Question

if cosec theta +cot theta =5/2 then the value of tan theta is

Answer 1

Answer:tan a = 20/21

Step-by-step explanation:

cosec a + cot a = 5/2

Cosec^2 a + cot^2 a + 2cosec a. Cota =25/4

Using formula cosec^2 a= 1+cot^2 a,

Cot^2 a +1+ cot^2a + 2coseca.
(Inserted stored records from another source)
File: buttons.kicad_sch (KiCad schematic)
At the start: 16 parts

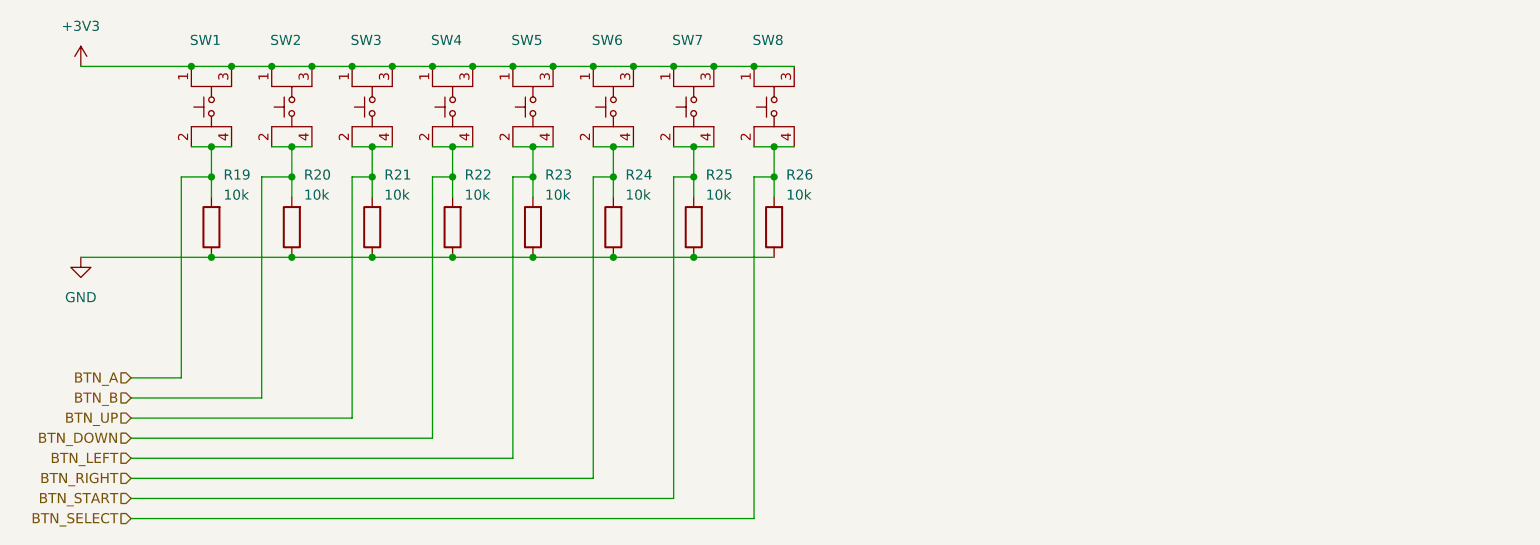
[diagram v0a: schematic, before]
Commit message: button debouncing and VDD decoupling
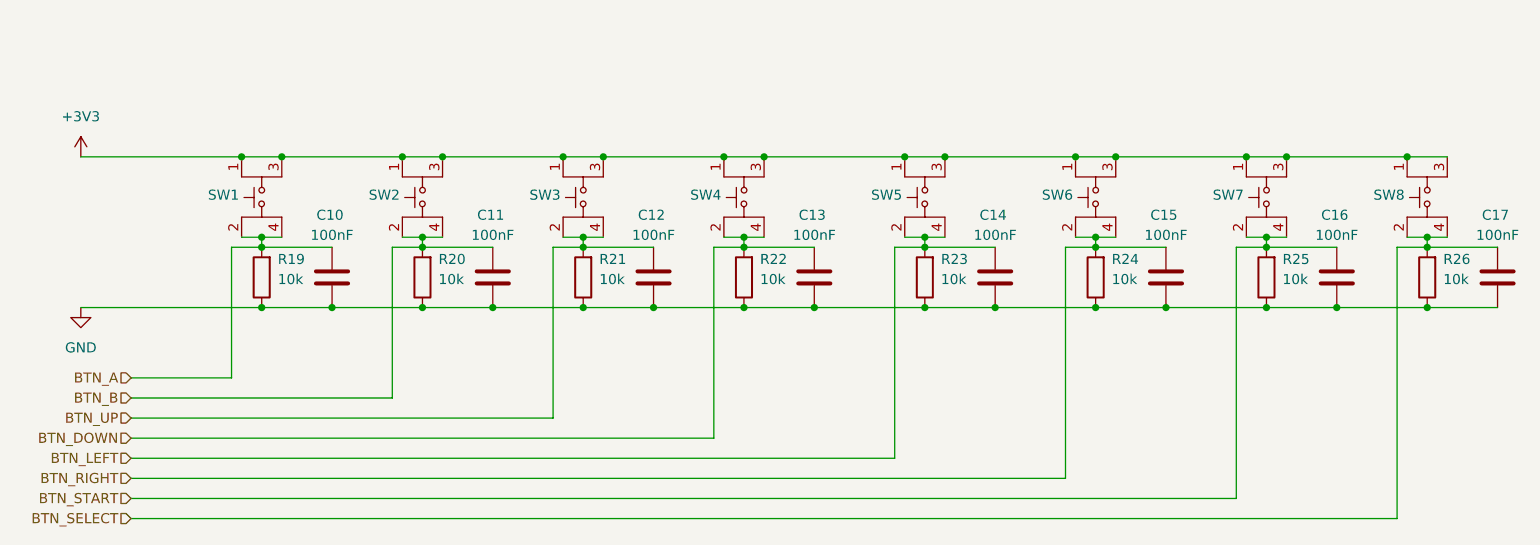
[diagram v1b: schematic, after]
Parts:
- added C10, C11, C12, C13, C14, C15, C16, C17: 100nF, Capacitor_SMD:C_0603_1608Metric, symbol Device:C
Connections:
- net BTN_A: now also C10.2
- net BTN_B: now also C11.2
- net BTN_DOWN: now also C13.2
- net BTN_LEFT: now also C14.2
- net BTN_RIGHT: now also C15.2
- net BTN_SELECT: now also C17.2
- net BTN_START: now also C16.2
- net BTN_UP: now also C12.2
- net GND: now also C10.1, C11.1, C12.1, C13.1, C14.1, C15.1, C16.1, C17.1
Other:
- moved on the sheet: R19, SW1

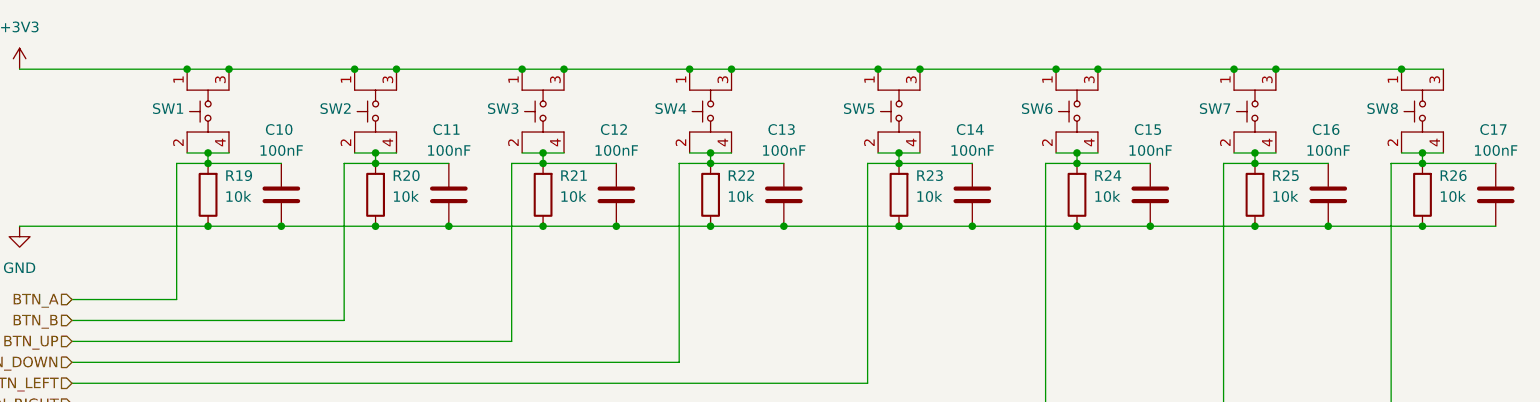
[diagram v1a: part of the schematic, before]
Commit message: schematic functional and includes current test setup
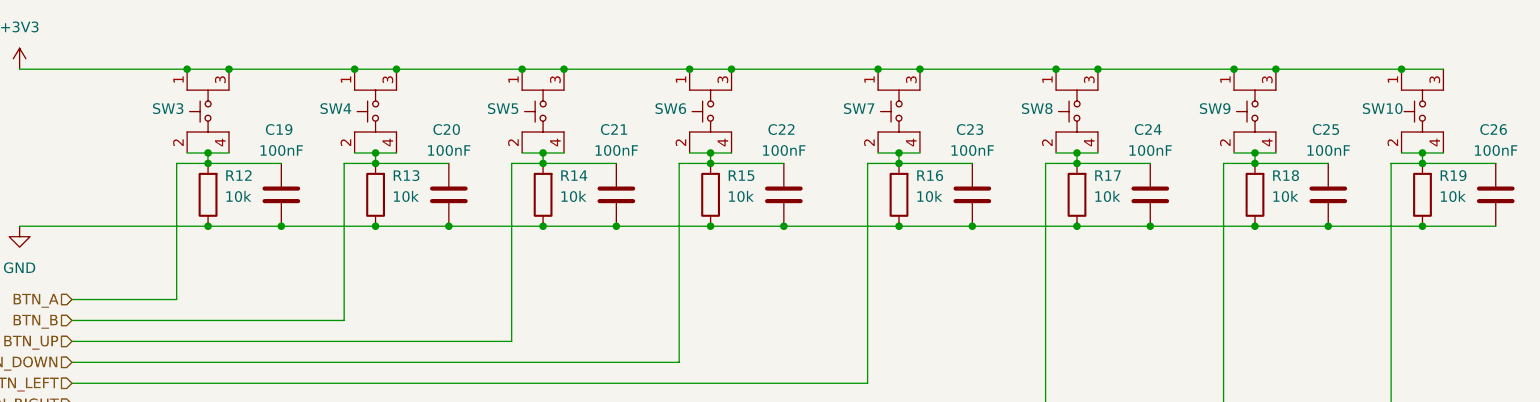
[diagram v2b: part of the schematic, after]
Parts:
- renumbered C10 to C19, C11 to C20, C12 to C21, C13 to C22, C14 to C23, C15 to C24, C16 to C25, C17 to C26, R19 to R12, R20 to R13, R21 to R14, R22 to R15, R23 to R16, R24 to R17, R25 to R18, R26 to R19, SW8 to SW10, SW1 to SW3, SW2 to SW4, SW3 to SW5, SW4 to SW6, SW5 to SW7, SW6 to SW8, SW7 to SW9
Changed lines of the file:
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@@
 		(on_board yes)
 		(dnp no)
-		(property "Reference" "SW7"
+		(property "Reference" "SW9"
 			(at 213.614 70.866 0)
 			(effects
@@
 			(project "gameboy"
 				(path "/f4643692-c319-40a7-82a2-3e775c0a417f/063c3b87-40d2-45e5-b5e2-db9e0e7c1214"
-					(reference "SW7")
+					(reference "SW9")
 					(unit 1)
 				)
@@
 		(on_board yes)
 		(dnp no)
-		(property "Reference" "R22"
+		(property "Reference" "R15"
 			(at 154.432 78.994 0)
 			(effects
@@
 			(project "gameboy"
 				(path "/f4643692-c319-40a7-82a2-3e775c0a417f/063c3b87-40d2-45e5-b5e2-db9e0e7c1214"
-					(reference "R22")
+					(reference "R15")
 					(unit 1)
 				)
@@
 		(on_board yes)
 		(dnp no)
-		(property "Reference" "C16"
+		(property "Reference" "C25"
 			(at 227.076 73.406 0)
 			(effects
@@
 			(project "gameboy"
 				(path "/f4643692-c319-40a7-82a2-3e775c0a417f/063c3b87-40d2-45e5-b5e2-db9e0e7c1214"
-					(reference "C16")
+					(reference "C25")
 					(unit 1)
 				)
@@
 		(on_board yes)
 		(dnp no)
-		(property "Reference" "SW1"
+		(property "Reference" "SW3"
 			(at 86.614 70.866 0)
 			(effects
@@
 			(project "gameboy"
 				(path "/f4643692-c319-40a7-82a2-3e775c0a417f/063c3b87-40d2-45e5-b5e2-db9e0e7c1214"
-					(reference "SW1")
+					(reference "SW3")
 					(unit 1)
 				)
@@
 		(on_board yes)
 		(dnp no)
-		(property "Reference" "R23"
+		(property "Reference" "R16"
 			(at 177.292 78.994 0)
 			(effects
@@
 			(project "gameboy"
 				(path "/f4643692-c319-40a7-82a2-3e775c0a417f/063c3b87-40d2-45e5-b5e2-db9e0e7c1214"
-					(reference "R23")
+					(reference "R16")
 					(unit 1)
 				)
@@
 		(on_board yes)
 		(dnp no)
-		(property "Reference" "SW4"
+		(property "Reference" "SW6"
 			(at 147.574 70.866 0)
 			(effects
@@
 			(project "gameboy"
 				(path "/f4643692-c319-40a7-82a2-3e775c0a417f/063c3b87-40d2-45e5-b5e2-db9e0e7c1214"
-					(reference "SW4")
+					(reference "SW6")
 					(unit 1)
 				)
@@
 		(on_board yes)
 		(dnp no)
-		(property "Reference" "R25"
+		(property "Reference" "R18"
 			(at 220.472 78.994 0)
 			(effects
@@
 			(project "gameboy"
 				(path "/f4643692-c319-40a7-82a2-3e775c0a417f/063c3b87-40d2-45e5-b5e2-db9e0e7c1214"
-					(reference "R25")
+					(reference "R18")
 					(unit 1)
 				)
@@
 		(on_board yes)
 		(dnp no)
-		(property "Reference" "SW3"
+		(property "Reference" "SW5"
 			(at 127.254 70.866 0)
 			(effects
@@
 			(project "gameboy"
 				(path "/f4643692-c319-40a7-82a2-3e775c0a417f/063c3b87-40d2-45e5-b5e2-db9e0e7c1214"
-					(reference "SW3")
+					(reference "SW5")
 					(unit 1)
 				)
@@
 		(on_board yes)
 		(dnp no)
-		(property "Reference" "C13"
+		(property "Reference" "C22"
 			(at 161.036 73.406 0)
 			(effects
@@
 			(project "gameboy"
 				(path "/f4643692-c319-40a7-82a2-3e775c0a417f/063c3b87-40d2-45e5-b5e2-db9e0e7c1214"
-					(reference "C13")
+					(reference "C22")
 					(unit 1)
 				)
@@
 		(on_board yes)
 		(dnp no)
-		(property "Reference" "C12"
+		(property "Reference" "C21"
 			(at 140.716 73.406 0)
 			(effects
@@
 			(project "gameboy"
 				(path "/f4643692-c319-40a7-82a2-3e775c0a417f/063c3b87-40d2-45e5-b5e2-db9e0e7c1214"
-					(reference "C12")
+					(reference "C21")
 					(unit 1)
 				)
@@
 		(on_board yes)
 		(dnp no)
-		(property "Reference" "C14"
+		(property "Reference" "C23"
 			(at 183.896 73.406 0)
 			(effects
@@
 			(project "gameboy"
 				(path "/f4643692-c319-40a7-82a2-3e775c0a417f/063c3b87-40d2-45e5-b5e2-db9e0e7c1214"
-					(reference "C14")
+					(reference "C23")
 					(unit 1)
 				)
@@
 		(on_board yes)
 		(dnp no)
-		(property "Reference" "SW2"
+		(property "Reference" "SW4"
 			(at 106.934 70.866 0)
 			(effects
@@
 			(project "gameboy"
 				(path "/f4643692-c319-40a7-82a2-3e775c0a417f/063c3b87-40d2-45e5-b5e2-db9e0e7c1214"
-					(reference "SW2")
+					(reference "SW4")
 					(unit 1)
 				)
@@
 		(on_board yes)
 		(dnp no)
-		(property "Reference" "C11"
+		(property "Reference" "C20"
 			(at 120.396 73.406 0)
 			(effects
@@
 			(project "gameboy"
 				(path "/f4643692-c319-40a7-82a2-3e775c0a417f/063c3b87-40d2-45e5-b5e2-db9e0e7c1214"
-					(reference "C11")
+					(reference "C20")
 					(unit 1)
 				)
@@
 		(on_board yes)
 		(dnp no)
-		(property "Reference" "C15"
+		(property "Reference" "C24"
 			(at 205.486 73.406 0)
 			(effects
@@
 			(project "gameboy"
 				(path "/f4643692-c319-40a7-82a2-3e775c0a417f/063c3b87-40d2-45e5-b5e2-db9e0e7c1214"
-					(reference "C15")
+					(reference "C24")
 					(unit 1)
 				)
@@
 		(on_board yes)
 		(dnp no)
-		(property "Reference" "SW6"
+		(property "Reference" "SW8"
 			(at 192.024 70.866 0)
 			(effects
@@
 			(project "gameboy"
 				(path "/f4643692-c319-40a7-82a2-3e775c0a417f/063c3b87-40d2-45e5-b5e2-db9e0e7c1214"
-					(reference "SW6")
+					(reference "SW8")
 					(unit 1)
 				)
@@
 		(on_board yes)
 		(dnp no)
-		(property "Reference" "R26"
+		(property "Reference" "R19"
 			(at 240.792 78.994 0)
 			(effects
@@
 			(project "gameboy"
 				(path "/f4643692-c319-40a7-82a2-3e775c0a417f/063c3b87-40d2-45e5-b5e2-db9e0e7c1214"
-					(reference "R26")
+					(reference "R19")
 					(unit 1)
 				)
@@
 		(on_board yes)
 		(dnp no)
-		(property "Reference" "R24"
+		(property "Reference" "R17"
 			(at 198.882 78.994 0)
 			(effects
@@
 			(project "gameboy"
 				(path "/f4643692-c319-40a7-82a2-3e775c0a417f/063c3b87-40d2-45e5-b5e2-db9e0e7c1214"
-					(reference "R24")
+					(reference "R17")
 					(unit 1)
 				)
@@
 		(on_board yes)
 		(dnp no)
-		(property "Reference" "R21"
+		(property "Reference" "R14"
 			(at 134.112 78.994 0)
 			(effects
@@
 			(project "gameboy"
 				(path "/f4643692-c319-40a7-82a2-3e775c0a417f/063c3b87-40d2-45e5-b5e2-db9e0e7c1214"
-					(reference "R21")
+					(reference "R14")
 					(unit 1)
 				)
@@
 		(on_board yes)
 		(dnp no)
-		(property "Reference" "SW5"
+		(property "Reference" "SW7"
 			(at 170.434 70.866 0)
 			(effects
@@
 			(project "gameboy"
 				(path "/f4643692-c319-40a7-82a2-3e775c0a417f/063c3b87-40d2-45e5-b5e2-db9e0e7c1214"
-					(reference "SW5")
+					(reference "SW7")
 					(unit 1)
 				)
@@
 		(dnp no)
 		(fields_autoplaced yes)
-		(property "Reference" "#PWR013"
+		(property "Reference" "#PWR021"
 			(at 68.58 69.85 0)
 			(effects
@@
 			(project "gameboy"
 				(path "/f4643692-c319-40a7-82a2-3e775c0a417f/063c3b87-40d2-45e5-b5e2-db9e0e7c1214"
-					(reference "#PWR013")
+					(reference "#PWR021")
 					(unit 1)
 				)
@@
 		(on_board yes)
 		(dnp no)
-		(property "Reference" "R20"
+		(property "Reference" "R13"
 			(at 113.792 78.994 0)
 			(effects
@@
 			(project "gameboy"
 				(path "/f4643692-c319-40a7-82a2-3e775c0a417f/063c3b87-40d2-45e5-b5e2-db9e0e7c1214"
-					(reference "R20")
+					(reference "R13")
 					(unit 1)
 				)
@@
 		(on_board yes)
 		(dnp no)
-		(property "Reference" "C17"
+		(property "Reference" "C26"
 			(at 247.396 73.406 0)
 			(effects
@@
 			(project "gameboy"
 				(path "/f4643692-c319-40a7-82a2-3e775c0a417f/063c3b87-40d2-45e5-b5e2-db9e0e7c1214"
-					(reference "C17")
+					(reference "C26")
 					(unit 1)
 				)
@@
 		(on_board yes)
 		(dnp no)
-		(property "Reference" "C10"
+		(property "Reference" "C19"
 			(at 100.076 73.406 0)
 			(effects
@@
 			(project "gameboy"
 				(path "/f4643692-c319-40a7-82a2-3e775c0a417f/063c3b87-40d2-45e5-b5e2-db9e0e7c1214"
-					(reference "C10")
+					(reference "C19")
 					(unit 1)
 				)
@@
 		(dnp no)
 		(fields_autoplaced yes)
-		(property "Reference" "#PWR014"
+		(property "Reference" "#PWR022"
 			(at 68.58 91.44 0)
 			(effects
@@
 			(project "gameboy"
 				(path "/f4643692-c319-40a7-82a2-3e775c0a417f/063c3b87-40d2-45e5-b5e2-db9e0e7c1214"
-					(reference "#PWR014")
+					(reference "#PWR022")
 					(unit 1)
 				)
@@
 		(on_board yes)
 		(dnp no)
-		(property "Reference" "SW8"
+		(property "Reference" "SW10"
 			(at 233.934 70.866 0)
 			(effects
@@
 			(project "gameboy"
 				(path "/f4643692-c319-40a7-82a2-3e775c0a417f/063c3b87-40d2-45e5-b5e2-db9e0e7c1214"
-					(reference "SW8")
+					(reference "SW10")
 					(unit 1)
 				)
@@
 		(on_board yes)
 		(dnp no)
-		(property "Reference" "R19"
+		(property "Reference" "R12"
 			(at 93.472 78.994 0)
 			(effects
@@
 			(project "gameboy"
 				(path "/f4643692-c319-40a7-82a2-3e775c0a417f/063c3b87-40d2-45e5-b5e2-db9e0e7c1214"
-					(reference "R19")
-					(unit 1)
-				)
+					(reference "R12")
+					(unit 1)
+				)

Cot a= 25/4

Rearranging:

2cot a(cot a + cosec a) = 21/4

Substituting cot a+ cosec a = 5/2,

2cot a. 5/2=21/4

Cot a = 21/20

Hence tan a = 20/21

Answer 2

Thus the value of $tan\alpha$ will be 20/21.

Given:

$\csc( \alpha ) + \cot( \alpha ) = \frac{5}{2}$

To find: We have to find the value of $tan\alpha$.

Solution:

We know that-

${ \csc }^{2} \alpha - { \cot }^{2} \alpha = 1 \\ ( \csc( \alpha ) + \cot( \alpha ) )( \csc( \alpha ) - \cot( \alpha ) ) = 1$

Putting the value of cosec alpha +cot alpha we get-

$\frac{5}{2} ( \csc( \alpha ) - \cot( \alpha ) ) = 1 \\ ( \csc( \alpha ) - \cot( \alpha ) ) = \frac{2}{5}$

Now putting the value of $csc\alpha$ in terms of $cot\alpha$ we get-

$\frac{5}{2} - \cot( \alpha ) - \cot( \alpha ) = \frac{2}{5} \\ - 2 \cot( \alpha ) = \frac{2}{5} - \frac{5}{2} \\ - 2 \cot( \alpha ) = \frac{ - 21}{10} \\ \cot( \alpha ) = \frac{21}{20}$

Now we know that $cot\alpha$ is an inverse of $tan\alpha$

Thus the value of $tan\alpha$ will be 20/21.